INPUT FOR THIS TASK: Begin
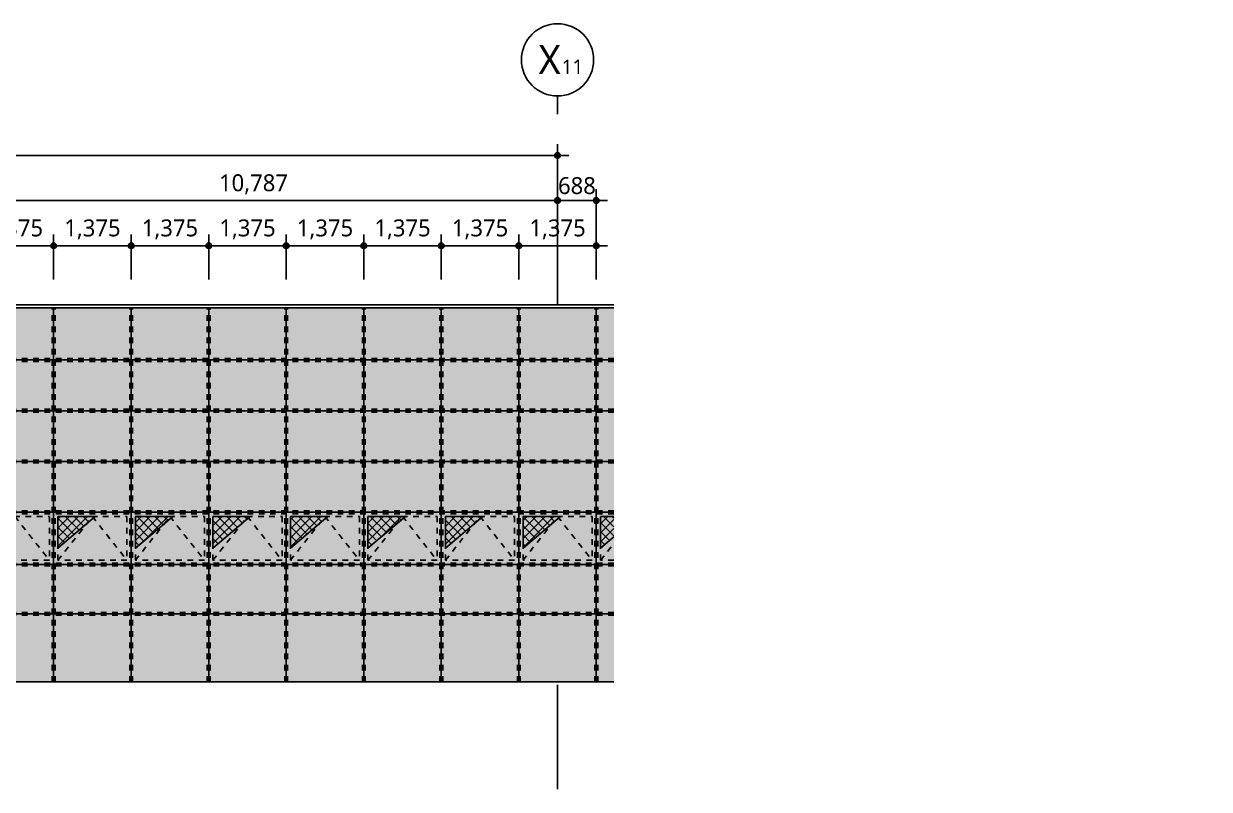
# Model space of a CAD drawing. Header units: millimetres. Extents: x 37653813 to 38677796, y 586285 to 874285.
# Drawn here: x 38656768 to 38677796, y 610018 to 623585 of the extents above; entities that cross this region are included whole.
import ezdxf
from ezdxf.enums import TextEntityAlignment as Align
from ezdxf.xclip import XClip

# ---------------------------------------------------------------- set-up
doc = ezdxf.new("R2010")
doc.units = ezdxf.units.MM
doc.header["$LTSCALE"] = 1000
doc.header["$MEASUREMENT"] = 0
doc.header["$XCLIPFRAME"] = 0
doc.header["$PDSIZE"] = -10
doc.linetypes.add('CENTER', pattern=[2, 1.25, -0.25, 0.25, -0.25])
doc.linetypes.add('HIDDEN', pattern=[2, 1, -1])
doc.layers.get('0').update_dxf_attribs({"linetype": 'CONTINUOUS'})
doc.layers.get('Defpoints').update_dxf_attribs({"color": 161, "linetype": 'CONTINUOUS'})
for name, color, linetype in [('CEN(ST)', 1, 'CENTER'), ('dim0', 7, 'CONTINUOUS'), ('hatch', 8, 'CONTINUOUS'), ('SYM(AXIS)', 7, 'CONTINUOUS'), ('TEXT(AXIS)', 2, 'CONTINUOUS'), ('WIN(커튼월)_외부', 4, 'CONTINUOUS'), ('WIN(커튼월_HID)_외부', 252, 'HIDDEN'), ('WIN_3(커튼월)_외부', 252, 'HIDDEN')]:
    doc.layers.add(name, color=color, linetype=linetype)
doc.layers.add('먹-WIN(커튼월)', color=7, linetype='CONTINUOUS', true_color=0xe0f2ff)
doc.styles.add('나눔바른고딕', font='NanumBarunGothic.ttf')
doc.dimstyles.new('A1-100', dxfattribs={"dimtxt": 3, "dimasz": 1, "dimexe": 2, "dimexo": 2, "dimgap": 1, "dimtad": 1, "dimdec": 0, "dimzin": 12, "dimdsep": 46, "dimlunit": 6, "dimtxsty": '나눔바른고딕', "dimblk1": 'DIMDOT', "dimblk2": 'DIMDOT', "dimsah": 1, "dimcen": -1, "dimdle": 2, "dimclrd": 256, "dimclre": 256, "dimclrt": 3, "dimadec": 0, "dimazin": 0, "dimtfac": 1, "dimtdec": 0, "dimtix": 1, "dimtmove": 2, "dimatfit": 3, "dimldrblk": 'DIMDOT', "dimfxl": 1, "dimtvp": 1, "dimtolj": 1, "dimtzin": 12, "dimlwd": -1, "dimlwe": -1, "dimarcsym": 0})

# ---------------------------------------------------------------- blocks, each defined once
blk = doc.blocks.new('DIMDOT')
at = {"linetype": 'Continuous'}
for p, q in [((-2, 0), (2, 0)), ((0, -2), (0, 2))]:
    blk.add_line(p, q, dxfattribs=at)
for radius in [0.5, 0.25]:
    blk.add_circle((0, 0), radius, dxfattribs=at)
blk = doc.blocks.new('*D298')
at = {"layer": 'Defpoints', "color": 0, "transparency": 16777216}
for p in [(38666236.51168856, 621251.6939037293), (38611236.51168855, 618851.693903728), (38666236.51168856, 618851.693903728)]:
    blk.add_point(p, dxfattribs=at)
at = {"layer": 'dim0', "transparency": 16777216}
for p, q in [((38611236.51168855, 619051.693903728), (38611236.51168855, 621451.6939037293)), ((38666236.51168856, 619051.693903728), (38666236.51168856, 621451.6939037293)), ((38611336.51168855, 621251.6939037293), (38666136.51168856, 621251.6939037293))]:
    blk.add_line(p, q, dxfattribs=at)
at = {"layer": 'dim0', "transparency": 16777216, "xscale": 100, "yscale": 100, "zscale": 100, "rotation": 180}
blk.add_blockref('DIMDOT', (38611236.51168855, 621251.6939037293), dxfattribs=at)
at = {"layer": 'dim0', "transparency": 16777216, "xscale": 100, "yscale": 100, "zscale": 100}
blk.add_blockref('DIMDOT', (38666236.51168856, 621251.6939037293), dxfattribs=at)
at = {"layer": 'dim0', "color": 3, "transparency": 16777216, "insert": (38638736.51168856, 621539.3499370164), "char_height": 300, "attachment_point": 5, "style": '나눔바른고딕'}
blk.add_mtext('\\A1;55,000', dxfattribs=at)
blk = doc.blocks.new('*D300')
at = {"layer": 'Defpoints', "color": 0, "transparency": 16777216}
for p in [(38666236.51168856, 620451.693903728), (38666236.51168856, 618851.6939037271), (38666924.01168856, 618851.6939037277)]:
    blk.add_point(p, dxfattribs=at)
at = {"layer": 'dim0', "transparency": 16777216}
for p, q in [((38666236.51168856, 619051.6939037271), (38666236.51168856, 620651.693903728)), ((38666924.01168856, 619051.6939037277), (38666924.01168856, 620651.693903728)), ((38666136.51168856, 620451.693903728), (38666036.51168856, 620451.693903728)), ((38666924.01168856, 620451.693903728), (38666236.51168856, 620451.693903728)), ((38667024.01168856, 620451.693903728), (38667124.01168856, 620451.693903728))]:
    blk.add_line(p, q, dxfattribs=at)
at = {"layer": 'dim0', "transparency": 16777216, "xscale": 100, "yscale": 100, "zscale": 100}
blk.add_blockref('DIMDOT', (38666236.51168856, 620451.693903728), dxfattribs=at)
at = {"layer": 'dim0', "transparency": 16777216, "xscale": 100, "yscale": 100, "zscale": 100, "rotation": 180}
blk.add_blockref('DIMDOT', (38666924.01168856, 620451.693903728), dxfattribs=at)
at = {"layer": 'dim0', "color": 3, "transparency": 16777216, "insert": (38666580.26168856, 620714.1765666961), "char_height": 300, "attachment_point": 5, "style": '나눔바른고딕'}
blk.add_mtext('\\A1;688', dxfattribs=at)
blk = doc.blocks.new('A$C2F20087E')
at = {"layer": 'SYM(AXIS)'}
blk.add_line((600.0000756429507, -3.89362685382e-05), (600.0000756434165, 299.9999610639643), dxfattribs=at)
blk.add_circle((600.0000756429507, 899.9999610637316), 600, dxfattribs=at)
blk = doc.blocks.new('*D302')
at = {"layer": 'Defpoints', "color": 0, "transparency": 16777216}
for p in [(38655449.13594547, 620451.693903728), (38655449.13594547, 618851.6939037271), (38666236.51168855, 618851.6939037277)]:
    blk.add_point(p, dxfattribs=at)
at = {"layer": 'dim0', "transparency": 16777216}
for p, q in [((38655449.13594547, 619051.6939037271), (38655449.13594547, 620651.693903728)), ((38666236.51168855, 619051.6939037277), (38666236.51168855, 620651.693903728)), ((38666136.51168855, 620451.693903728), (38655549.13594547, 620451.693903728))]:
    blk.add_line(p, q, dxfattribs=at)
at = {"layer": 'dim0', "transparency": 16777216, "xscale": 100, "yscale": 100, "zscale": 100, "rotation": 180}
blk.add_blockref('DIMDOT', (38655449.13594547, 620451.693903728), dxfattribs=at)
at = {"layer": 'dim0', "transparency": 16777216, "xscale": 100, "yscale": 100, "zscale": 100}
blk.add_blockref('DIMDOT', (38666236.51168855, 620451.693903728), dxfattribs=at)
at = {"layer": 'dim0', "color": 3, "transparency": 16777216, "insert": (38660842.82381701, 620739.3499370151), "char_height": 300, "attachment_point": 5, "style": '나눔바른고딕'}
blk.add_mtext('\\A1;10,787', dxfattribs=at)
blk = doc.blocks.new('A$C2DB153E7')
at = {"layer": 'hatch'}
h = blk.add_hatch(dxfattribs=at)
h.set_pattern_fill('_USER', color=252, scale=112.5, angle=45, double=1, pattern_type=0)
h.set_pattern_definition([(44.99999999999999, (-5906.3366872482, -13786.875), (-79.5495128834866, 79.5495128834866), []), (135, (-5906.3366872482, -13786.875), (-79.5495128834866, -79.5495128834866), [])])
h.paths.add_polyline_path([(662.5000000037253, 0), (-7.450580596923828e-09, -562.5), (-7.450580596923828e-09, 0)])
at = {"layer": 'hatch', "color": 252}
blk.add_lwpolyline([(662.5000000037253, 0), (-7.450580596923828e-09, -562.5), (-7.450580596923828e-09, 0)], close=True, dxfattribs=at)
blk = doc.blocks.new('A$C26893fde')
blk.add_wipeout([(8126.9086349383, 7189.999418636842), (174351.90863494674, 7189.999418636347), (174351.90863494674, 459.99941864199354), (8126.9086349383, 459.9994186424592)])
at = {"layer": '먹-WIN(커튼월)', "ltscale": 0.1}
h = blk.add_hatch(dxfattribs=at)
h.set_pattern_fill('DOTS', color=254, scale=3000)
h.set_pattern_definition([(0, (-37795372.13502173, -766752.4705113305), (93.75, 187.5), [0, -187.5])])
h.paths.add_polyline_path([(174301.9086349458, 7139.999418635969), (8176.9086349383, 7139.999418636435), (8176.9086349383, 4389.999418637832), (174301.9086349458, 4389.999418637366)])
h = blk.add_hatch(dxfattribs=at)
h.set_pattern_fill('DOTS', color=256, scale=3000)
h.set_pattern_definition([(0, (-37795372.13502173, -769452.4705113304), (93.75, 187.5), [0, -187.5])])
h.paths.add_polyline_path([(174301.9086349458, 4389.999418637482), (8176.9086349383, 4389.999418637948), (8176.9086349383, 1689.999418637948), (174301.9086349458, 1689.999418637482)])
h = blk.add_hatch(dxfattribs=at)
h.set_pattern_fill('DOTS', color=254, scale=3000)
h.set_pattern_definition([(0, (-37795372.13502173, -772202.4705113296), (93.75, 187.5), [0, -187.5])])
h.paths.add_polyline_path([(174301.9086349458, 1689.9994186369), (8176.9086349383, 1689.999418637366), (8176.9086349383, 509.9994186453987), (174301.9086349458, 509.999418644933)])
at = {"layer": 'WIN(커튼월)_외부', "ltscale": 1000}
for p, q in [((8126.9086349383, 7189.999418636551), (174351.9086349458, 7189.999418636085)), ((8126.9086349383, 7189.999418636551), (174351.9086349458, 7189.999418636085)), ((8176.9086349383, 7139.999418636551), (174301.9086349458, 7139.999418636085)), ((109864.4086349383, 509.999418644933), (109864.4086349383, 7139.999418636551)), ((111239.4086349383, 509.999418644933), (111239.4086349383, 7139.999418636551)), ((112614.4086349383, 509.999418644933), (112614.4086349383, 7139.999418636551)), ((113989.4086349383, 509.999418644933), (113989.4086349383, 7139.999418636551)), ((115364.4086349383, 509.999418644933), (115364.4086349383, 7139.999418636551)), ((116739.4086349383, 509.999418644933), (116739.4086349383, 7139.999418636551)), ((118114.4086349383, 509.999418644933), (118114.4086349383, 7139.999418636551)), ((119489.4086349383, 509.999418644933), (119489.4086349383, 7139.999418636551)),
INPUT FOR THIS TASK: End
WHAT TO PRODUCE: Only lines of the material that contain the word "linetypes" belong in the answer; copy each one.

ANSWER SECTION:
doc.linetypes.add('CENTER', pattern=[2, 1.25, -0.25, 0.25, -0.25])
doc.linetypes.add('HIDDEN', pattern=[2, 1, -1])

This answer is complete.